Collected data

# # # # # # #

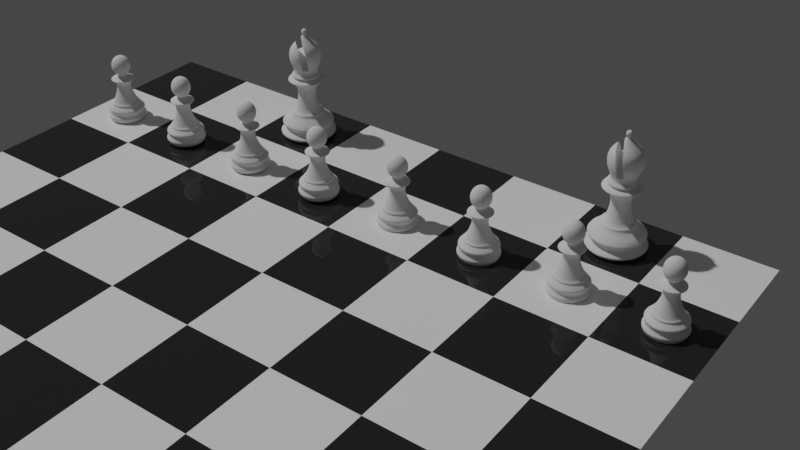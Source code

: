 # Source: chess007.blend  (saved by Blender 2.82.7; exported with 4.5.12 LTS)
import bpy
from mathutils import Matrix  # noqa: F401  (used for matrix-valued properties, if any)

bpy.ops.wm.read_factory_settings(use_empty=True)
scene = bpy.context.scene
scene.name = 'Scene'

# ---- collections
col_lightandcam = bpy.data.collections.new('LightAndCam'); scene.collection.children.link(col_lightandcam)
col_chesspieces = bpy.data.collections.new('ChessPieces'); scene.collection.children.link(col_chesspieces)
col_bishop = bpy.data.collections.new('Bishop'); col_chesspieces.children.link(col_bishop)
col_pawn = bpy.data.collections.new('Pawn'); col_chesspieces.children.link(col_pawn)

# ---- materials (node trees are filled in below, after node groups)
mat_whitesquares = bpy.data.materials.new('WhiteSquares')
mat_whitesquares.diffuse_color = (1.0, 1.0, 1.0, 1.0)
mat_whitesquares.roughness = 0.2
mat_blacksquares = bpy.data.materials.new('BlackSquares')
mat_blacksquares.diffuse_color = (0.02217, 0.02217, 0.02217, 1.0)
mat_blacksquares.roughness = 0.2

# ---- node groups
ng_auto_smooth = bpy.data.node_groups.new('Auto Smooth', 'GeometryNodeTree')
_s = ng_auto_smooth.interface.new_socket(name='Geometry', in_out='OUTPUT', socket_type='NodeSocketGeometry')
_s = ng_auto_smooth.interface.new_socket(name='Geometry', in_out='INPUT', socket_type='NodeSocketGeometry')
_s = ng_auto_smooth.interface.new_socket(name='Angle', in_out='INPUT', socket_type='NodeSocketFloat')
_s.subtype = 'ANGLE'
_s.min_value = 0.0
_s.max_value = 3.142
ng_auto_smooth.is_modifier = True
_N = ng_auto_smooth.nodes; _L = ng_auto_smooth.links
n0 = _N.new('NodeGroupOutput'); n0.name = 'Group Output'; n0.location = (480, -100)
n1 = _N.new('NodeGroupInput'); n1.name = 'Group Input'; n1.location = (-420, -300)
n2 = _N.new('NodeGroupInput'); n2.name = 'Group Input.001'; n2.location = (-60, -100)
n3 = _N.new('GeometryNodeSetShadeSmooth'); n3.name = 'Set Shade Smooth'; n3.location = (120, -100)
n3.domain = 'EDGE'
n4 = _N.new('GeometryNodeSetShadeSmooth'); n4.name = 'Set Shade Smooth.001'; n4.location = (300, -100)
n5 = _N.new('GeometryNodeInputMeshEdgeAngle'); n5.name = 'Edge Angle'; n5.location = (-420, -220)
n6 = _N.new('GeometryNodeInputEdgeSmooth'); n6.name = 'Is Edge Smooth'; n6.location = (-60, -160)
n7 = _N.new('GeometryNodeInputShadeSmooth'); n7.name = 'Is Face Smooth'; n7.location = (-240, -340)
n8 = _N.new('FunctionNodeBooleanMath'); n8.name = 'Boolean Math'; n8.location = (-60, -220)
n9 = _N.new('FunctionNodeCompare'); n9.name = 'Compare'; n9.location = (-240, -180)
n9.operation = 'LESS_EQUAL'
_L.new(n5.outputs[0], n9.inputs[0])
_L.new(n4.outputs[0], n0.inputs[0])
_L.new(n1.outputs[1], n9.inputs[1])
_L.new(n9.outputs[0], n8.inputs[0])
_L.new(n7.outputs[0], n8.inputs[1])
_L.new(n2.outputs[0], n3.inputs[0])
_L.new(n6.outputs[0], n3.inputs[1])
_L.new(n3.outputs[0], n4.inputs[0])
_L.new(n8.outputs[0], n3.inputs[2])
n0.is_active_output = True

# ---- material node trees
mat_whitesquares.use_nodes = True; mat_whitesquares.node_tree.nodes.clear()
_N = mat_whitesquares.node_tree.nodes; _L = mat_whitesquares.node_tree.links
n0 = _N.new('ShaderNodeOutputMaterial'); n0.name = 'Material Output'; n0.location = (300, 300)
n1 = _N.new('ShaderNodeBsdfPrincipled'); n1.name = 'Principled BSDF'; n1.location = (10, 300)
n1.distribution = 'GGX'
n1.subsurface_method = 'BURLEY'
n1.inputs[0].default_value = (1.0, 1.0, 1.0, 1.0)
n1.inputs[2].default_value = 0.0
n1.inputs[3].default_value = 1.45
n1.inputs[13].default_value = 1.0
n1.inputs[27].default_value = (0.0, 0.0, 0.0, 1.0)
n1.inputs[28].default_value = 1.0
_L.new(n1.outputs[0], n0.inputs[0])
n0.is_active_output = True
mat_blacksquares.use_nodes = True; mat_blacksquares.node_tree.nodes.clear()
_N = mat_blacksquares.node_tree.nodes; _L = mat_blacksquares.node_tree.links
n0 = _N.new('ShaderNodeOutputMaterial'); n0.name = 'Material Output'; n0.location = (300, 300)
n1 = _N.new('ShaderNodeBsdfPrincipled'); n1.name = 'Principled BSDF'; n1.location = (10, 300)
n1.distribution = 'GGX'
n1.subsurface_method = 'BURLEY'
n1.inputs[0].default_value = (0.02198, 0.02198, 0.02198, 1.0)
n1.inputs[2].default_value = 0.0
n1.inputs[3].default_value = 1.45
n1.inputs[27].default_value = (0.0, 0.0, 0.0, 1.0)
n1.inputs[28].default_value = 1.0
_L.new(n1.outputs[0], n0.inputs[0])
n0.is_active_output = True

# ---- world
world_world = bpy.data.worlds.new('World'); scene.world = world_world
world_world.use_nodes = True; world_world.node_tree.nodes.clear()
_N = world_world.node_tree.nodes; _L = world_world.node_tree.links
n0 = _N.new('ShaderNodeOutputWorld'); n0.name = 'World Output'; n0.location = (300, 300)
n1 = _N.new('ShaderNodeBackground'); n1.name = 'Background'; n1.location = (10, 300)
n1.inputs[0].default_value = (0.05088, 0.05088, 0.05088, 1.0)
_L.new(n1.outputs[0], n0.inputs[0])
n0.is_active_output = True
world_world.color = (0.05088, 0.05088, 0.05088)
world_world.use_sun_shadow = False
world_world.sun_shadow_jitter_overblur = 0.0

# ---- cameras
cam_camera = bpy.data.cameras.new('Camera')
cam_camera.clip_end = 100.0
cam_camera.ortho_scale = 7.314

# ---- lights
light_light = bpy.data.lights.new('Light', 'POINT')
light_light.transmission_factor = 0.0
light_light.energy = 1000.0
light_light.shadow_soft_size = 0.1
light_light.shadow_maximum_resolution = 0.006
light_light.use_absolute_resolution = True

# ---- meshes
me_chessboard = bpy.data.meshes.new('ChessBoard')
me_chessboard.from_pydata([(-0.24, -0.24, 0.0), (-0.18, -0.24, 0.0), (-0.12, -0.24, 0.0), (-0.24, -0.18, 0.0), (-0.18, -0.18, 0.0), (-0.12, -0.18, 0.0), (-0.24, -0.12, 0.0), (-0.18, -0.12, 0.0), (-0.12, -0.12, 0.0), (-0.24, -0.12, 0.0), (-0.18, -0.12, 0.0), (-0.12, -0.12, 0.0), (-0.24, -0.06, 0.0), (-0.18, -0.06, 0.0), (-0.12, -0.06, 0.0), (-0.24, 1.718e-08, 0.0), (-0.18, 1.718e-08, 0.0), (-0.12, 1.718e-08, 0.0), (-0.24, 1.718e-08, 0.0), (-0.18, 1.718e-08, 0.0), (-0.12, 1.718e-08, 0.0), (-0.24, 0.06, 0.0), (-0.18, 0.06, 0.0), (-0.12, 0.06, 0.0), (-0.24, 0.12, 0.0), (-0.18, 0.12, 0.0), (-0.12, 0.12, 0.0), (-0.24, 0.12, 0.0), (-0.18, 0.12, 0.0), (-0.12, 0.12, 0.0), (-0.24, 0.18, 0.0), (-0.18, 0.18, 0.0), (-0.12, 0.18, 0.0), (-0.24, 0.24, 0.0), (-0.18, 0.24, 0.0), (-0.12, 0.24, 0.0), (-0.12, -0.24, 0.0), (-0.06, -0.24, 0.0), (8.071e-09, -0.24, 0.0), (-0.12, -0.18, 0.0), (-0.06, -0.18, 0.0), (8.071e-09, -0.18, 0.0), (-0.12, -0.12, 0.0), (-0.06, -0.12, 0.0), (8.071e-09, -0.12, 0.0), (-0.12, -0.12, 0.0), (-0.06, -0.12, 0.0), (8.071e-09, -0.12, 0.0), (-0.12, -0.06, 0.0), (-0.06, -0.06, 0.0), (8.071e-09, -0.06, 0.0), (-0.12, 1.718e-08, 0.0), (-0.06, 1.718e-08, 0.0), (8.071e-09, 1.718e-08, 0.0), (-0.12, 1.718e-08, 0.0), (-0.06, 1.718e-08, 0.0), (8.071e-09, 1.718e-08, 0.0), (-0.12, 0.06, 0.0), (-0.06, 0.06, 0.0), (8.071e-09, 0.06, 0.0), (-0.12, 0.12, 0.0), (-0.06, 0.12, 0.0), (8.071e-09, 0.12, 0.0), (-0.12, 0.12, 0.0), (-0.06, 0.12, 0.0), (8.071e-09, 0.12, 0.0), (-0.12, 0.18, 0.0), (-0.06, 0.18, 0.0), (8.071e-09, 0.18, 0.0), (-0.12, 0.24, 0.0), (-0.06, 0.24, 0.0), (8.071e-09, 0.24, 0.0), (8.071e-09, -0.24, 0.0), (0.06, -0.24, 0.0), (0.12, -0.24, 0.0), (8.071e-09, -0.18, 0.0), (0.06, -0.18, 0.0), (0.12, -0.18, 0.0), (8.071e-09, -0.12, 0.0), (0.06, -0.12, 0.0), (0.12, -0.12, 0.0), (8.071e-09, -0.12, 0.0), (0.06, -0.12, 0.0), (0.12, -0.12, 0.0), (8.071e-09, -0.06, 0.0), (0.06, -0.06, 0.0), (0.12, -0.06, 0.0), (8.071e-09, 1.718e-08, 0.0), (0.06, 1.718e-08, 0.0), (0.12, 1.718e-08, 0.0), (8.071e-09, 1.718e-08, 0.0), (0.06, 1.718e-08, 0.0), (0.12, 1.718e-08, 0.0), (8.071e-09, 0.06, 0.0), (0.06, 0.06, 0.0), (0.12, 0.06, 0.0), (8.071e-09, 0.12, 0.0), (0.06, 0.12, 0.0), (0.12, 0.12, 0.0), (8.071e-09, 0.12, 0.0), (0.06, 0.12, 0.0), (0.12, 0.12, 0.0), (8.071e-09, 0.18, 0.0), (0.06, 0.18, 0.0), (0.12, 0.18, 0.0), (8.071e-09, 0.24, 0.0), (0.06, 0.24, 0.0), (0.12, 0.24, 0.0), (0.12, -0.24, 0.0), (0.18, -0.24, 0.0), (0.24, -0.24, 0.0), (0.12, -0.18, 0.0), (0.18, -0.18, 0.0), (0.24, -0.18, 0.0), (0.12, -0.12, 0.0), (0.18, -0.12, 0.0), (0.24, -0.12, 0.0), (0.12, -0.12, 0.0), (0.18, -0.12, 0.0), (0.24, -0.12, 0.0), (0.12, -0.06, 0.0), (0.18, -0.06, 0.0), (0.24, -0.06, 0.0), (0.12, 1.718e-08, 0.0), (0.18, 1.718e-08, 0.0), (0.24, 1.718e-08, 0.0), (0.12, 1.718e-08, 0.0), (0.18, 1.718e-08, 0.0), (0.24, 1.718e-08, 0.0), (0.12, 0.06, 0.0), (0.18, 0.06, 0.0), (0.24, 0.06, 0.0), (0.12, 0.12, 0.0), (0.18, 0.12, 0.0), (0.24, 0.12, 0.0), (0.12, 0.12, 0.0), (0.18, 0.12, 0.0), (0.24, 0.12, 0.0), (0.12, 0.18, 0.0), (0.18, 0.18, 0.0), (0.24, 0.18, 0.0), (0.12, 0.24, 0.0), (0.18, 0.24, 0.0), (0.24, 0.24, 0.0)], [], [(0, 1, 4, 3), (1, 2, 5, 4), (3, 4, 7, 6), (4, 5, 8, 7), (9, 10, 13, 12), (10, 11, 14, 13), (12, 13, 16, 15), (13, 14, 17, 16), (18, 19, 22, 21), (19, 20, 23, 22), (21, 22, 25, 24), (22, 23, 26, 25), (27, 28, 31, 30), (28, 29, 32, 31), (30, 31, 34, 33), (31, 32, 35, 34), (36, 37, 40, 39), (37, 38, 41, 40), (39, 40, 43, 42), (40, 41, 44, 43), (45, 46, 49, 48), (46, 47, 50, 49), (48, 49, 52, 51), (49, 50, 53, 52), (54, 55, 58, 57), (55, 56, 59, 58), (57, 58, 61, 60), (58, 59, 62, 61), (63, 64, 67, 66), (64, 65, 68, 67), (66, 67, 70, 69), (67, 68, 71, 70), (72, 73, 76, 75), (73, 74, 77, 76), (75, 76, 79, 78), (76, 77, 80, 79), (81, 82, 85, 84), (82, 83, 86, 85), (84, 85, 88, 87), (85, 86, 89, 88), (90, 91, 94, 93), (91, 92, 95, 94), (93, 94, 97, 96), (94, 95, 98, 97), (99, 100, 103, 102), (100, 101, 104, 103), (102, 103, 106, 105), (103, 104, 107, 106), (108, 109, 112, 111), (109, 110, 113, 112), (111, 112, 115, 114), (112, 113, 116, 115), (117, 118, 121, 120), (118, 119, 122, 121), (120, 121, 124, 123), (121, 122, 125, 124), (126, 127, 130, 129), (127, 128, 131, 130), (129, 130, 133, 132), (130, 131, 134, 133), (135, 136, 139, 138), (136, 137, 140, 139), (138, 139, 142, 141), (139, 140, 143, 142)])
me_chessboard.polygons.foreach_set('material_index', [1, 0, 0, 1, 1, 0, 0, 1, 1, 0, 0, 1, 1, 0, 0, 1, 1, 0, 0, 1, 1, 0, 0, 1, 1, 0, 0, 1, 1, 0, 0, 1, 1, 0, 0, 1, 1, 0, 0, 1, 1, 0, 0, 1, 1, 0, 0, 1, 1, 0, 0, 1, 1, 0, 0, 1, 1, 0, 0, 1, 1, 0, 0, 1])
_uv = me_chessboard.uv_layers.new(name='UVMap')
_uv.uv.foreach_set('vector', [0.0, 0.0, 0.5, 0.0, 0.5, 0.5, 0.0, 0.5, 0.5, 0.0, 1.0, 0.0, 1.0, 0.5, 0.5, 0.5, 0.0, 0.5, 0.5, 0.5, 0.5, 1.0, 0.0, 1.0, 0.5, 0.5, 1.0, 0.5, 1.0, 1.0, 0.5, 1.0, 0.0, 0.0, 0.5, 0.0, 0.5, 0.5, 0.0, 0.5, 0.5, 0.0, 1.0, 0.0, 1.0, 0.5, 0.5, 0.5, 0.0, 0.5, 0.5, 0.5, 0.5, 1.0, 0.0, 1.0, 0.5, 0.5, 1.0, 0.5, 1.0, 1.0, 0.5, 1.0, 0.0, 0.0, 0.5, 0.0, 0.5, 0.5, 0.0, 0.5, 0.5, 0.0, 1.0, 0.0, 1.0, 0.5, 0.5, 0.5, 0.0, 0.5, 0.5, 0.5, 0.5, 1.0, 0.0, 1.0, 0.5, 0.5, 1.0, 0.5, 1.0, 1.0, 0.5, 1.0, 0.0, 0.0, 0.5, 0.0, 0.5, 0.5, 0.0, 0.5, 0.5, 0.0, 1.0, 0.0, 1.0, 0.5, 0.5, 0.5, 0.0, 0.5, 0.5, 0.5, 0.5, 1.0, 0.0, 1.0, 0.5, 0.5, 1.0, 0.5, 1.0, 1.0, 0.5, 1.0, 0.0, 0.0, 0.5, 0.0, 0.5, 0.5, 0.0, 0.5, 0.5, 0.0, 1.0, 0.0, 1.0, 0.5, 0.5, 0.5, 0.0, 0.5, 0.5, 0.5, 0.5, 1.0, 0.0, 1.0, 0.5, 0.5, 1.0, 0.5, 1.0, 1.0, 0.5, 1.0, 0.0, 0.0, 0.5, 0.0, 0.5, 0.5, 0.0, 0.5, 0.5, 0.0, 1.0, 0.0, 1.0, 0.5, 0.5, 0.5, 0.0, 0.5, 0.5, 0.5, 0.5, 1.0, 0.0, 1.0, 0.5, 0.5, 1.0, 0.5, 1.0, 1.0, 0.5, 1.0, 0.0, 0.0, 0.5, 0.0, 0.5, 0.5, 0.0, 0.5, 0.5, 0.0, 1.0, 0.0, 1.0, 0.5, 0.5, 0.5, 0.0, 0.5, 0.5, 0.5, 0.5, 1.0, 0.0, 1.0, 0.5, 0.5, 1.0, 0.5, 1.0, 1.0, 0.5, 1.0, 0.0, 0.0, 0.5, 0.0, 0.5, 0.5, 0.0, 0.5, 0.5, 0.0, 1.0, 0.0, 1.0, 0.5, 0.5, 0.5, 0.0, 0.5, 0.5, 0.5, 0.5, 1.0, 0.0, 1.0, 0.5, 0.5, 1.0, 0.5, 1.0, 1.0, 0.5, 1.0, 0.0, 0.0, 0.5, 0.0, 0.5, 0.5, 0.0, 0.5, 0.5, 0.0, 1.0, 0.0, 1.0, 0.5, 0.5, 0.5, 0.0, 0.5, 0.5, 0.5, 0.5, 1.0, 0.0, 1.0, 0.5, 0.5, 1.0, 0.5, 1.0, 1.0, 0.5, 1.0, 0.0, 0.0, 0.5, 0.0, 0.5, 0.5, 0.0, 0.5, 0.5, 0.0, 1.0, 0.0, 1.0, 0.5, 0.5, 0.5, 0.0, 0.5, 0.5, 0.5, 0.5, 1.0, 0.0, 1.0, 0.5, 0.5, 1.0, 0.5, 1.0, 1.0, 0.5, 1.0, 0.0, 0.0, 0.5, 0.0, 0.5, 0.5, 0.0, 0.5, 0.5, 0.0, 1.0, 0.0, 1.0, 0.5, 0.5, 0.5, 0.0, 0.5, 0.5, 0.5, 0.5, 1.0, 0.0, 1.0, 0.5, 0.5, 1.0, 0.5, 1.0, 1.0, 0.5, 1.0, 0.0, 0.0, 0.5, 0.0, 0.5, 0.5, 0.0, 0.5, 0.5, 0.0, 1.0, 0.0, 1.0, 0.5, 0.5, 0.5, 0.0, 0.5, 0.5, 0.5, 0.5, 1.0, 0.0, 1.0, 0.5, 0.5, 1.0, 0.5, 1.0, 1.0, 0.5, 1.0, 0.0, 0.0, 0.5, 0.0, 0.5, 0.5, 0.0, 0.5, 0.5, 0.0, 1.0, 0.0, 1.0, 0.5, 0.5, 0.5, 0.0, 0.5, 0.5, 0.5, 0.5, 1.0, 0.0, 1.0, 0.5, 0.5, 1.0, 0.5, 1.0, 1.0, 0.5, 1.0, 0.0, 0.0, 0.5, 0.0, 0.5, 0.5, 0.0, 0.5, 0.5, 0.0, 1.0, 0.0, 1.0, 0.5, 0.5, 0.5, 0.0, 0.5, 0.5, 0.5, 0.5, 1.0, 0.0, 1.0, 0.5, 0.5, 1.0, 0.5, 1.0, 1.0, 0.5, 1.0, 0.0, 0.0, 0.5, 0.0, 0.5, 0.5, 0.0, 0.5, 0.5, 0.0, 1.0, 0.0, 1.0, 0.5, 0.5, 0.5, 0.0, 0.5, 0.5, 0.5, 0.5, 1.0, 0.0, 1.0, 0.5, 0.5, 1.0, 0.5, 1.0, 1.0, 0.5, 1.0, 0.0, 0.0, 0.5, 0.0, 0.5, 0.5, 0.0, 0.5, 0.5, 0.0, 1.0, 0.0, 1.0, 0.5, 0.5, 0.5, 0.0, 0.5, 0.5, 0.5, 0.5, 1.0, 0.0, 1.0, 0.5, 0.5, 1.0, 0.5, 1.0, 1.0, 0.5, 1.0])
me_chessboard.materials.append(mat_whitesquares)
me_chessboard.materials.append(mat_blacksquares)
me_chessboard.use_remesh_fix_poles = True
me_chessboard.use_remesh_preserve_attributes = False
me_chessboard.use_mirror_vertex_groups = False
me_chessboard.update()
me_bishop = bpy.data.meshes.new('Bishop')
me_bishop.from_pydata([(-1.537e-09, 0.01004, 0.01877), (0.007099, 0.007099, 0.01877), (0.01004, -2.82e-09, 0.01877), (0.007099, -0.007099, 0.01877), (-4.809e-09, -0.01004, 0.01877), (-0.007099, -0.007099, 0.01877), (-0.01004, 6.117e-09, 0.01877), (-0.007099, 0.007099, 0.01877), (-3.744e-09, 0.01721, 0.0001372), (0.01217, 0.01217, 0.0001372), (0.01721, 6.358e-11, 0.0001372), (0.01217, -0.01217, 0.0001372), (-7.222e-09, -0.01721, 0.0001372), (-0.01217, -0.01217, 0.0001372), (-0.01721, 1.425e-08, 0.0001372), (-0.01217, 0.01217, 0.0001372), (-1.91e-09, 0.02324, 0.0104), (0.01643, 0.01643, 0.0104), (0.02324, -5.674e-09, 0.0104), (0.01643, -0.01643, 0.0104), (-9.698e-09, -0.02324, 0.0104), (-0.01643, -0.01643, 0.0104), (-0.02324, 1.499e-08, 0.0104), (-0.01643, 0.01643, 0.0104), (0.01701, 0.01701, 0.003724), (0.02405, -4.652e-09, 0.003724), (0.01701, -0.01701, 0.003724), (-9.756e-09, -0.02405, 0.003724), (-0.01701, -0.01701, 0.003724), (-0.02405, 1.67e-08, 0.003724), (-0.01701, 0.01701, 0.003724), (-2.009e-09, 0.02405, 0.003724), (-2.072e-09, 0.01421, 0.007003), (0.01005, 0.01005, 0.007003), (0.01421, -4.03e-09, 0.007003), (0.01005, -0.01005, 0.007003), (-6.616e-09, -0.01421, 0.007003), (-0.01005, -0.01005, 0.007003), (-0.01421, 8.874e-09, 0.007003), (-0.01005, 0.01005, 0.007003), (-1.762e-09, 0.01153, 0.0167), (0.008153, 0.008153, 0.0167), (0.01153, -3.129e-09, 0.0167), (0.008153, -0.008153, 0.0167), (-5.412e-09, -0.01153, 0.0167), (-0.008153, -0.008153, 0.0167), (-0.01153, 7.253e-09, 0.0167), (-0.008153, 0.008153, 0.0167), (-1.634e-09, 0.01287, 0.01859), (0.009103, 0.009103, 0.01859), (0.01287, -3.488e-09, 0.01859), (0.009103, -0.009103, 0.01859), (-5.762e-09, -0.01287, 0.01859), (-0.009103, -0.009103, 0.01859), (-0.01287, 8.045e-09, 0.01859), (-0.009103, 0.009103, 0.01859), (0.004539, 0.004539, 0.03915), (-9.133e-10, 0.006419, 0.03915), (0.006419, -1.948e-09, 0.03915), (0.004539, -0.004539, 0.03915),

# # # # # # #

Exercise prompt.
Only the lines with the string "append" are wanted; pick them out of the records above and copy them.

Response to the task.
me_chessboard.materials.append(mat_whitesquares)
me_chessboard.materials.append(mat_blacksquares)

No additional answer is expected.